「私は被災者ではない」

 山川徹『それでも彼女は生きていく』は、東日本大震災をきっかけにAV女優になった7名の女性へのインタビュー集である。
印象的なのは、彼女たちの多くが語る「私は被災者ではない」という言葉だ。家を流された人がいる、職を失った人がいる、でも自分は“それほどには”苦しんでいない、だから私は「被災者」ではない、と彼女らは言う。
そんな言葉を聞くと、北海道出身でまず間違いなく「被災者」ではない私がいま震災について語っていることを、恥じ入るほかない。

 彼女らは「被災者」ではないと言う。にもかかわらず、間違いなく震災は彼女たちに多大な影響を与えており、家族を救うため、ある女優にいたっては被災地に寄付するために、AVに出る。
先ほど、風俗客の気持ちを「理解できる」と書いたが、この場合は、彼女たちの気持ちを簡単に「理解できる」と言ってしまうことは、決して優しさではないのではないか。なにせ、そう簡単にAVに出ることを決められるだろうか?

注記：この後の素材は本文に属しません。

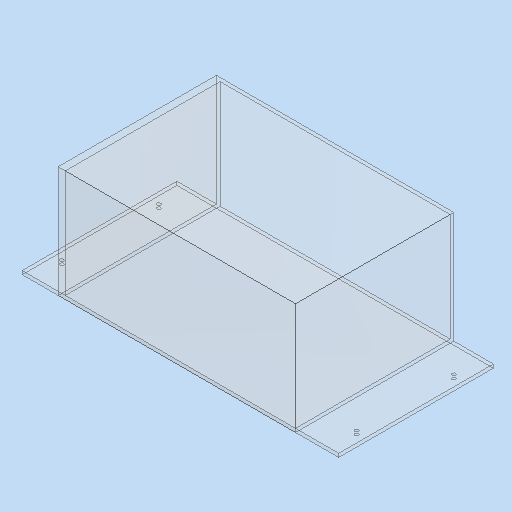
# Autodesk Inventor part: Proteção de acrilico
Saved by Autodesk Inventor 2026.2 (Build 302298010, 298A)
## iProperties
Created: 2026-05-23
Part Number: Proteção de acrilico
Material: Generic
Document SubType Name: Modeling
Designer: Rubens
Density: 1 g/cm^3
Appearance: Polycarbonate - Clear
Author: Rubens
Autodesk Inventor part; units mm, degrees
ref_plane "YZ Plane" through (0, 0, 0) normal (1, 0, 0) x (0, 1, 0)
ref_plane "XZ Plane" through (0, 0, 0) normal (0, 1, 0) x (-1, 0, 0)
ref_plane "XY Plane" through (0, 0, 0) normal (0, 0, 1) x (1, 0, 0)
sketch "Sketch1" plane through (0, 0, 0) normal (0, 0, 1) x (1, 0, 0)
  line L0 (0, 0) -> (440, 0)
  line L1 (220, 0) -> (380, 0)
  line L2 (220, 0) -> (60, 0)
  line L3 (60, 2.9881) -> (60, 155)
  line L4 (60, 155) -> (380, 155)
  line L5 (380, 155) -> (380, 0)
  line L6 (60, -5) -> (220, -5)
  line L7 (220, -5) -> (385, -5)
  line L8 (385, -5) -> (385, 160)
  line L9 (385, 160) -> (55, 160)
  line L10 (55, 160) -> (55, 2.9881)
  line L11 (0, 0) -> (0, 5)
  line L12 (0, 5) -> (440, 5)
  line L13 (440, 5) -> (440, 0)
  point P0 (385, 5)
  point P1 (55, 5)
  point P2 (380, 5)
  point P3 (60, 5)
  dimension "d0" = 440
  dimension "d1" = 160
  dimension "d2" = 160
  dimension "d4" = 5
  dimension "d5" = 5
  dimension "d16" = 150
  constraints: 28 end point, 3 perpendicular, 2 horizontal, 2 point on line, 2 vertical, 1 midpoint, 1 parallel, 4 other
  measures "d0" distance of L0.start L0.end
  measures "d1" distance of L1.start L1.end
  measures "d2" distance of L1.start L2.end
  measures "d4" distance between parallel lines of L4 L9
  measures "d5" distance of L0.start L11.end
  measures "d16" distance between parallel lines of L12 L4
extrude "Extrusion1" add sketch "Sketch1" against normal blind 215 contours L11 L12 L5 L0 | L10 L9 L8 L12 L5 L4 L3 | L5 L12 L8 L0 | L8 L12 L13 L0
sketch "Sketch2" plane through (0, 5, 0) normal (0, 1, 0) x (1, 0, 0)
  line L0 (0, 0) -> (0, 215) projected
  line L1 (0, 215) -> (15, 215)
  line L2 (440, 215) -> (0, 215) projected
  line L3 (15, 215) -> (15, -133.1496)
  line L4 (440, 215) -> (425, 215)
  line L5 (425, 215) -> (425, -133.1496)
  circle A0 centre (15, 175) radius 2.5
  circle A1 centre (15, 40) radius 2.5
  line L6 (55, 0) -> (0, 0) projected
  line L7 (220, 215) -> (220, -93.5309)
  circle A2 centre (425, 175) radius 2.5
  circle A3 centre (425, 40) radius 2.5
  dimension "d8" = 15
  dimension "d9" = 15
  dimension "d10" = 5
  dimension "d11" = 5
  dimension "d12" = 40
  dimension "d13" = 40
  constraints: 10 end point, 4 centre point, 4 point on line, 2 perpendicular, 2 symmetric about line, 1 midpoint, 1 vertical, 2 other
  measures "d8" distance of L0.end L1.end
  measures "d9" distance of L2.start L4.end
  measures "d10" diameter of A0
  measures "d11" diameter of A1
  measures "d12" distance from line of L2 A0.centre
  measures "d13" distance from line of L6 A1.centre
extrude "Extrusion2" cut sketch "Sketch2" against normal blind 215 contours A3 L5 | L5 A3 | A2 L5 | L5 A2 | A1 L3 | L3 A1 | A0 L3 | L3 A0
sketch "Sketch3" plane through (0, 0, 0) normal (0, 0, 1) x (1, 0, 0)
  line L0 (0, 5) -> (55, 5) projected
  line L1 (55, 160) -> (385, 160) projected
  line L2 (55, 5) -> (385, 5)
  line L3 (385, 5) -> (385, 160)
  line L4 (385, 160) -> (55, 160)
  line L5 (55, 160) -> (55, 5)
  point P0 (0, 0)
  constraints: 8 end point, 2 parallel, 1 horizontal, 1 perpendicular
extrude "Extrusion3" add sketch "Sketch3" along normal blind 5
body "Solid1"

 そう考えるとき、大事だと思うのは、著者の山川のこのような発言である。

 取材をするまでは、震災とAV女優になるという行為には色濃くてわかりやすい因果関係があると思い込んでいたんですよ。たとえば、震災で親を亡くしてお金もなく必要に迫られて…というように。もちろん震災直後であればそういう例もあったのでしょうが、取材をして話を聞くと因果関係はかなり薄かった。[…]ただ、彼女たち全員が口にした「震災がなければAVの道を選ばなかった」という言葉は大切にしたかったんです。[…]少なくとも、震災の影響を受けた人生を送っているという彼女たちの認識は本物なんですよ。
「震災があったからAV女優の道を選んだ―ルポライターが彼女たちの物語を書いた理由」

 震災とAVデビューとを簡単に結びつけず、しかし彼女たちの選択を非合理的なものとして片付けもせず、「自分ならありえないな」ではなくて、「ありえた」話として本書を読んでほしい。それは実際に「あった」のだから。